• _YOUR ASSIGNMENT_
What lines of the material below hold the string "CIRCLE"? Copy them out.

• _RECORDS FOR THIS TASK_
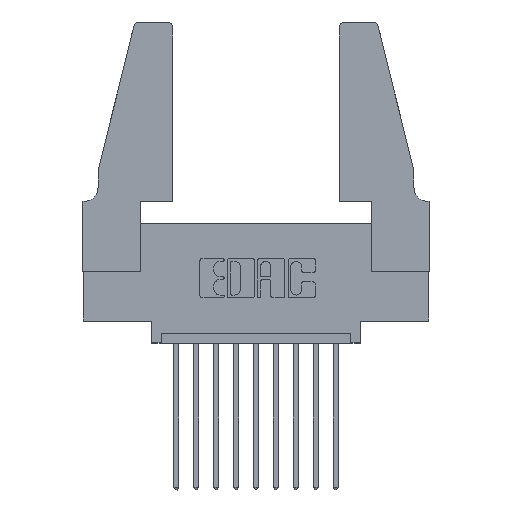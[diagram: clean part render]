
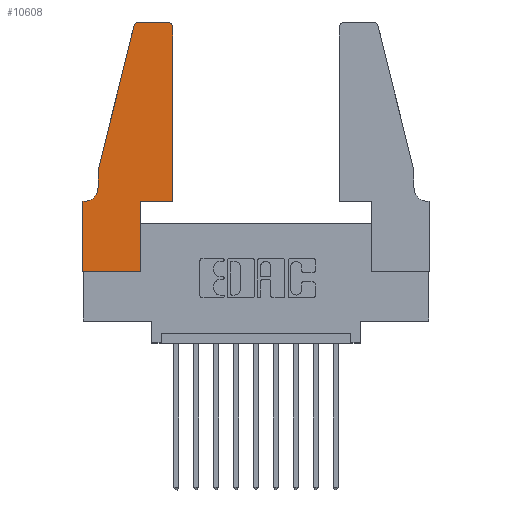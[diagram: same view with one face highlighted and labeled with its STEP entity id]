
A CAD part, top view. The second image highlights one B-rep face of the part: STEP entity #10608.
In plain terms, the highlighted planar face has unit normal (0, 0, 1).
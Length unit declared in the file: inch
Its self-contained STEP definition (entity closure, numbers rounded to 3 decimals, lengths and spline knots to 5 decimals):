
#60 = LINE ( 'NONE', #7379, #5006 ) ;
#385 = CARTESIAN_POINT ( 'NONE',  ( 0.0055, 0.42, 0.37 ) ) ;
#438 = DIRECTION ( 'NONE',  ( 0., -1., 0. ) ) ;
#533 = LINE ( 'NONE', #12607, #9063 ) ;
#755 = ORIENTED_EDGE ( 'NONE', *, *, #12746, .T. ) ;
#870 = LINE ( 'NONE', #3170, #8243 ) ;
#896 = CIRCLE ( 'NONE', #7988, 0.03 ) ;
#925 = CARTESIAN_POINT ( 'NONE',  ( 0.0755, 0.5, 0.37 ) ) ;
#957 = EDGE_CURVE ( 'NONE', #6256, #11347, #60, .T. ) ;
#1126 = AXIS2_PLACEMENT_3D ( 'NONE', #10207, #1919, #12230 ) ;
#1200 = EDGE_CURVE ( 'NONE', #6721, #6256, #12847, .T. ) ;
#1493 = VERTEX_POINT ( 'NONE', #5527 ) ;
#1587 = CARTESIAN_POINT ( 'NONE',  ( 0.2865, 0.35, 0.37 ) ) ;
#1686 = EDGE_CURVE ( 'NONE', #3656, #1854, #870, .T. ) ;
#1854 = VERTEX_POINT ( 'NONE', #8184 ) ;
#1919 = DIRECTION ( 'NONE',  ( 0., 0., 1. ) ) ;
#2016 = ORIENTED_EDGE ( 'NONE', *, *, #1200, .T. ) ;
#2304 = DIRECTION ( 'NONE',  ( 0., 1., 0. ) ) ;
#2331 = CARTESIAN_POINT ( 'NONE',  ( 0., 0.35, 0.37 ) ) ;
#2590 = CARTESIAN_POINT ( 'NONE',  ( 0.4505, 0.35, 0.37 ) ) ;
#2625 = DIRECTION ( 'NONE',  ( 0., 0., 1. ) ) ;
#2951 = AXIS2_PLACEMENT_3D ( 'NONE', #2331, #11775, #6443 ) ;
#2980 = LINE ( 'NONE', #12002, #6935 ) ;
#3170 = CARTESIAN_POINT ( 'NONE',  ( 0.2605, 1.25, 0.37 ) ) ;
#3343 = CIRCLE ( 'NONE', #1126, 0.03 ) ;
#3351 = DIRECTION ( 'NONE',  ( 1., 0., 0. ) ) ;
#3488 = CARTESIAN_POINT ( 'NONE',  ( 0.0755, 0.42, 0.37 ) ) ;
#3578 = VERTEX_POINT ( 'NONE', #925 ) ;
#3620 = ORIENTED_EDGE ( 'NONE', *, *, #957, .T. ) ;
#3642 = VERTEX_POINT ( 'NONE', #6385 ) ;
#3656 = VERTEX_POINT ( 'NONE', #6252 ) ;
#3939 = CARTESIAN_POINT ( 'NONE',  ( 0.0755, 0.5, 0.37 ) ) ;
#4264 = CARTESIAN_POINT ( 'NONE',  ( 0., 0.35, 0.37 ) ) ;
#4379 = ORIENTED_EDGE ( 'NONE', *, *, #6193, .T. ) ;
#4817 = DIRECTION ( 'NONE',  ( 1., 0., 0. ) ) ;
#4852 = DIRECTION ( 'NONE',  ( 1., 0., 0. ) ) ;
#4925 = ORIENTED_EDGE ( 'NONE', *, *, #7221, .T. ) ;
#4963 = LINE ( 'NONE', #3939, #8701 ) ;
#4997 = DIRECTION ( 'NONE',  ( -0.239, -0.971, 0. ) ) ;
#5006 = VECTOR ( 'NONE', #2304, 39.37008 ) ;
#5093 = LINE ( 'NONE', #10702, #11446 ) ;
#5118 = EDGE_CURVE ( 'NONE', #1854, #7460, #896, .T. ) ;
#5527 = CARTESIAN_POINT ( 'NONE',  ( 0.0055, 0.35, 0.37 ) ) ;
#5641 = CARTESIAN_POINT ( 'NONE',  ( 0., 0., 0.37 ) ) ;
#5707 = LINE ( 'NONE', #1587, #8457 ) ;
#5742 = DIRECTION ( 'NONE',  ( -1., 0., 0. ) ) ;
#5833 = DIRECTION ( 'NONE',  ( 0., 1., 0. ) ) ;
#6193 = EDGE_CURVE ( 'NONE', #3578, #10670, #6798, .T. ) ;
#6252 = CARTESIAN_POINT ( 'NONE',  ( 0.4205, 1.25, 0.37 ) ) ;
#6256 = VERTEX_POINT ( 'NONE', #9114 ) ;
#6266 = EDGE_CURVE ( 'NONE', #11347, #3656, #3343, .T. ) ;
#6385 = CARTESIAN_POINT ( 'NONE',  ( 0.2865, 0., 0.37 ) ) ;
#6443 = DIRECTION ( 'NONE',  ( 1., 0., 0. ) ) ;
#6455 = EDGE_CURVE ( 'NONE', #1493, #6478, #533, .T. ) ;
#6478 = VERTEX_POINT ( 'NONE', #4264 ) ;
#6567 = ORIENTED_EDGE ( 'NONE', *, *, #12568, .T. ) ;
#6625 = PLANE ( 'NONE',  #2951 ) ;
#6660 = AXIS2_PLACEMENT_3D ( 'NONE', #385, #11977, #5742 ) ;
#6721 = VERTEX_POINT ( 'NONE', #13373 ) ;
#6798 = LINE ( 'NONE', #10301, #12992 ) ;
#6805 = VECTOR ( 'NONE', #4817, 39.37008 ) ;
#6935 = VECTOR ( 'NONE', #438, 39.37008 ) ;
#7148 = CARTESIAN_POINT ( 'NONE',  ( 0.25487, 1.22718, 0.37 ) ) ;
#7221 = EDGE_CURVE ( 'NONE', #6478, #9861, #2980, .T. ) ;
#7379 = CARTESIAN_POINT ( 'NONE',  ( 0.4505, 0.35, 0.37 ) ) ;
#7460 = VERTEX_POINT ( 'NONE', #7148 ) ;
#7537 = CARTESIAN_POINT ( 'NONE',  ( 0.4505, 1.22, 0.37 ) ) ;
#7988 = AXIS2_PLACEMENT_3D ( 'NONE', #8989, #2625, #4852 ) ;
#8184 = CARTESIAN_POINT ( 'NONE',  ( 0.284, 1.25, 0.37 ) ) ;
#8218 = CIRCLE ( 'NONE', #6660, 0.07 ) ;
#8243 = VECTOR ( 'NONE', #8250, 39.37008 ) ;
#8250 = DIRECTION ( 'NONE',  ( -1., 0., 0. ) ) ;
#8457 = VECTOR ( 'NONE', #5833, 39.37008 ) ;
#8528 = EDGE_CURVE ( 'NONE', #9861, #3642, #5093, .T. ) ;
#8701 = VECTOR ( 'NONE', #4997, 39.37008 ) ;
#8989 = CARTESIAN_POINT ( 'NONE',  ( 0.284, 1.22, 0.37 ) ) ;
#9063 = VECTOR ( 'NONE', #12506, 39.37008 ) ;
#9114 = CARTESIAN_POINT ( 'NONE',  ( 0.4505, 0.35, 0.37 ) ) ;
#9170 = ORIENTED_EDGE ( 'NONE', *, *, #5118, .T. ) ;
#9861 = VERTEX_POINT ( 'NONE', #5641 ) ;
#9950 = EDGE_CURVE ( 'NONE', #3642, #6721, #5707, .T. ) ;
#10207 = CARTESIAN_POINT ( 'NONE',  ( 0.4205, 1.22, 0.37 ) ) ;
#10290 = ORIENTED_EDGE ( 'NONE', *, *, #1686, .T. ) ;
#10301 = CARTESIAN_POINT ( 'NONE',  ( 0.0755, 0.5, 0.37 ) ) ;
#10608 = ADVANCED_FACE ( 'NONE', ( #12232 ), #6625, .T. ) ;
#10670 = VERTEX_POINT ( 'NONE', #3488 ) ;
#10702 = CARTESIAN_POINT ( 'NONE',  ( 0., 0., 0.37 ) ) ;
#11019 = ORIENTED_EDGE ( 'NONE', *, *, #8528, .T. ) ;
#11026 = EDGE_LOOP ( 'NONE', ( #10290, #9170, #755, #4379, #6567, #12334, #4925, #11019, #12866, #2016, #3620, #13528 ) ) ;
#11347 = VERTEX_POINT ( 'NONE', #7537 ) ;
#11446 = VECTOR ( 'NONE', #3351, 39.37008 ) ;
#11775 = DIRECTION ( 'NONE',  ( 0., 0., 1. ) ) ;
#11977 = DIRECTION ( 'NONE',  ( 0., 0., -1. ) ) ;
#12002 = CARTESIAN_POINT ( 'NONE',  ( 0., 0., 0.37 ) ) ;
#12230 = DIRECTION ( 'NONE',  ( 1., 0., 0. ) ) ;
#12232 = FACE_OUTER_BOUND ( 'NONE', #11026, .T. ) ;
#12276 = DIRECTION ( 'NONE',  ( 0., -1., 0. ) ) ;
#12334 = ORIENTED_EDGE ( 'NONE', *, *, #6455, .T. ) ;
#12506 = DIRECTION ( 'NONE',  ( -1., 0., 0. ) ) ;
#12568 = EDGE_CURVE ( 'NONE', #10670, #1493, #8218, .T. ) ;
#12607 = CARTESIAN_POINT ( 'NONE',  ( 0.0755, 0.35, 0.37 ) ) ;
#12746 = EDGE_CURVE ( 'NONE', #7460, #3578, #4963, .T. ) ;
#12847 = LINE ( 'NONE', #2590, #6805 ) ;
#12866 = ORIENTED_EDGE ( 'NONE', *, *, #9950, .T. ) ;
#12992 = VECTOR ( 'NONE', #12276, 39.37008 ) ;
#13373 = CARTESIAN_POINT ( 'NONE',  ( 0.2865, 0.35, 0.37 ) ) ;
#13528 = ORIENTED_EDGE ( 'NONE', *, *, #6266, .T. ) ;

• _RESULT_
#896 = CIRCLE ( 'NONE', #7988, 0.03 ) ;
#3343 = CIRCLE ( 'NONE', #1126, 0.03 ) ;
#8218 = CIRCLE ( 'NONE', #6660, 0.07 ) ;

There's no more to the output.